Exercise data Start Marker

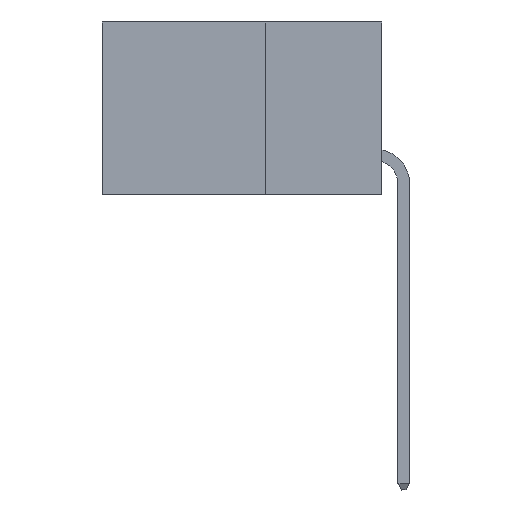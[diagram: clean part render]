
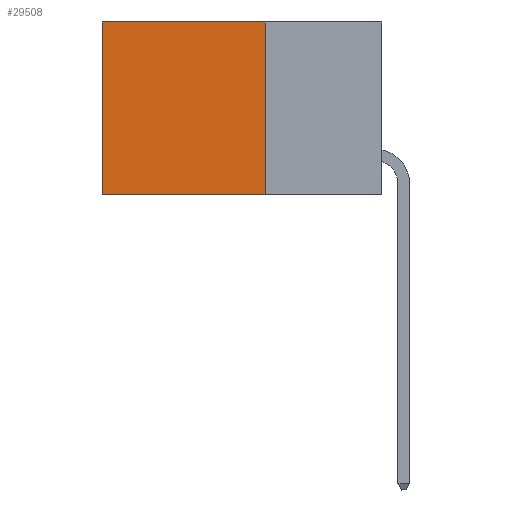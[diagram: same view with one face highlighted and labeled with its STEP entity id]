
A CAD part, left-side view. The second image highlights one B-rep face of the part: STEP entity #29508.
In plain terms, the highlighted planar face has unit normal (-1, 0, 0).
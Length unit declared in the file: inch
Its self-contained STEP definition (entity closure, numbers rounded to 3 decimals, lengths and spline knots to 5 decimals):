
#1121 = ORIENTED_EDGE ( 'NONE', *, *, #8929, .F. ) ;
#1248 = EDGE_LOOP ( 'NONE', ( #29034, #4437, #1121, #30750 ) ) ;
#1544 = CARTESIAN_POINT ( 'NONE',  ( 0.2875, 0.25, 0. ) ) ;
#3445 = PLANE ( 'NONE',  #11482 ) ;
#3920 = EDGE_CURVE ( 'NONE', #5858, #6504, #12903, .T. ) ;
#4437 = ORIENTED_EDGE ( 'NONE', *, *, #28009, .F. ) ;
#5858 = VERTEX_POINT ( 'NONE', #29090 ) ;
#6482 = FACE_OUTER_BOUND ( 'NONE', #1248, .T. ) ;
#6504 = VERTEX_POINT ( 'NONE', #14514 ) ;
#6907 = CARTESIAN_POINT ( 'NONE',  ( 0.2875, 0.25, -0.37 ) ) ;
#6949 = CARTESIAN_POINT ( 'NONE',  ( 0.2875, 0.6, 0. ) ) ;
#7358 = DIRECTION ( 'NONE',  ( 0., 1., 0. ) ) ;
#8929 = EDGE_CURVE ( 'NONE', #5858, #18396, #29015, .T. ) ;
#10431 = DIRECTION ( 'NONE',  ( 0., 1., 0. ) ) ;
#10814 = CARTESIAN_POINT ( 'NONE',  ( 0.2875, 0.25, 0. ) ) ;
#10871 = EDGE_CURVE ( 'NONE', #6504, #17201, #27006, .T. ) ;
#10924 = DIRECTION ( 'NONE',  ( 0., 0., -1. ) ) ;
#11225 = VECTOR ( 'NONE', #7358, 39.37008 ) ;
#11482 = AXIS2_PLACEMENT_3D ( 'NONE', #10814, #27885, #10924 ) ;
#11903 = DIRECTION ( 'NONE',  ( 0., 0., -1. ) ) ;
#12903 = LINE ( 'NONE', #20152, #25456 ) ;
#14514 = CARTESIAN_POINT ( 'NONE',  ( 0.2875, 0.6, 0. ) ) ;
#17201 = VERTEX_POINT ( 'NONE', #20612 ) ;
#18396 = VERTEX_POINT ( 'NONE', #6907 ) ;
#18952 = DIRECTION ( 'NONE',  ( 0., 0., -1. ) ) ;
#20152 = CARTESIAN_POINT ( 'NONE',  ( 0.2875, 0.25, 0. ) ) ;
#20612 = CARTESIAN_POINT ( 'NONE',  ( 0.2875, 0.6, -0.37 ) ) ;
#21807 = CARTESIAN_POINT ( 'NONE',  ( 0.2875, 0.25, -0.37 ) ) ;
#25456 = VECTOR ( 'NONE', #10431, 39.37008 ) ;
#25487 = VECTOR ( 'NONE', #11903, 39.37008 ) ;
#25720 = LINE ( 'NONE', #21807, #11225 ) ;
#26394 = VECTOR ( 'NONE', #18952, 39.37008 ) ;
#27006 = LINE ( 'NONE', #6949, #25487 ) ;
#27885 = DIRECTION ( 'NONE',  ( 1., 0., 0. ) ) ;
#28009 = EDGE_CURVE ( 'NONE', #18396, #17201, #25720, .T. ) ;
#29015 = LINE ( 'NONE', #1544, #26394 ) ;
#29034 = ORIENTED_EDGE ( 'NONE', *, *, #10871, .T. ) ;
#29090 = CARTESIAN_POINT ( 'NONE',  ( 0.2875, 0.25, 0. ) ) ;
#29508 = ADVANCED_FACE ( 'NONE', ( #6482 ), #3445, .F. ) ;
#30750 = ORIENTED_EDGE ( 'NONE', *, *, #3920, .T. ) ;

Exercise data End Marker

#### Task instructions
Looking at the data above, write out exactly the lines that start at the one containing "#11225 = VECTOR ( 'NONE', #7358, 39.37008 ) ;" and end at the one containing "#18396 = VERTEX_POINT ( 'NONE', #6907 ) ;"; include both and nothing beyond.

#### The answer
#11225 = VECTOR ( 'NONE', #7358, 39.37008 ) ;
#11482 = AXIS2_PLACEMENT_3D ( 'NONE', #10814, #27885, #10924 ) ;
#11903 = DIRECTION ( 'NONE',  ( 0., 0., -1. ) ) ;
#12903 = LINE ( 'NONE', #20152, #25456 ) ;
#14514 = CARTESIAN_POINT ( 'NONE',  ( 0.2875, 0.6, 0. ) ) ;
#17201 = VERTEX_POINT ( 'NONE', #20612 ) ;
#18396 = VERTEX_POINT ( 'NONE', #6907 ) ;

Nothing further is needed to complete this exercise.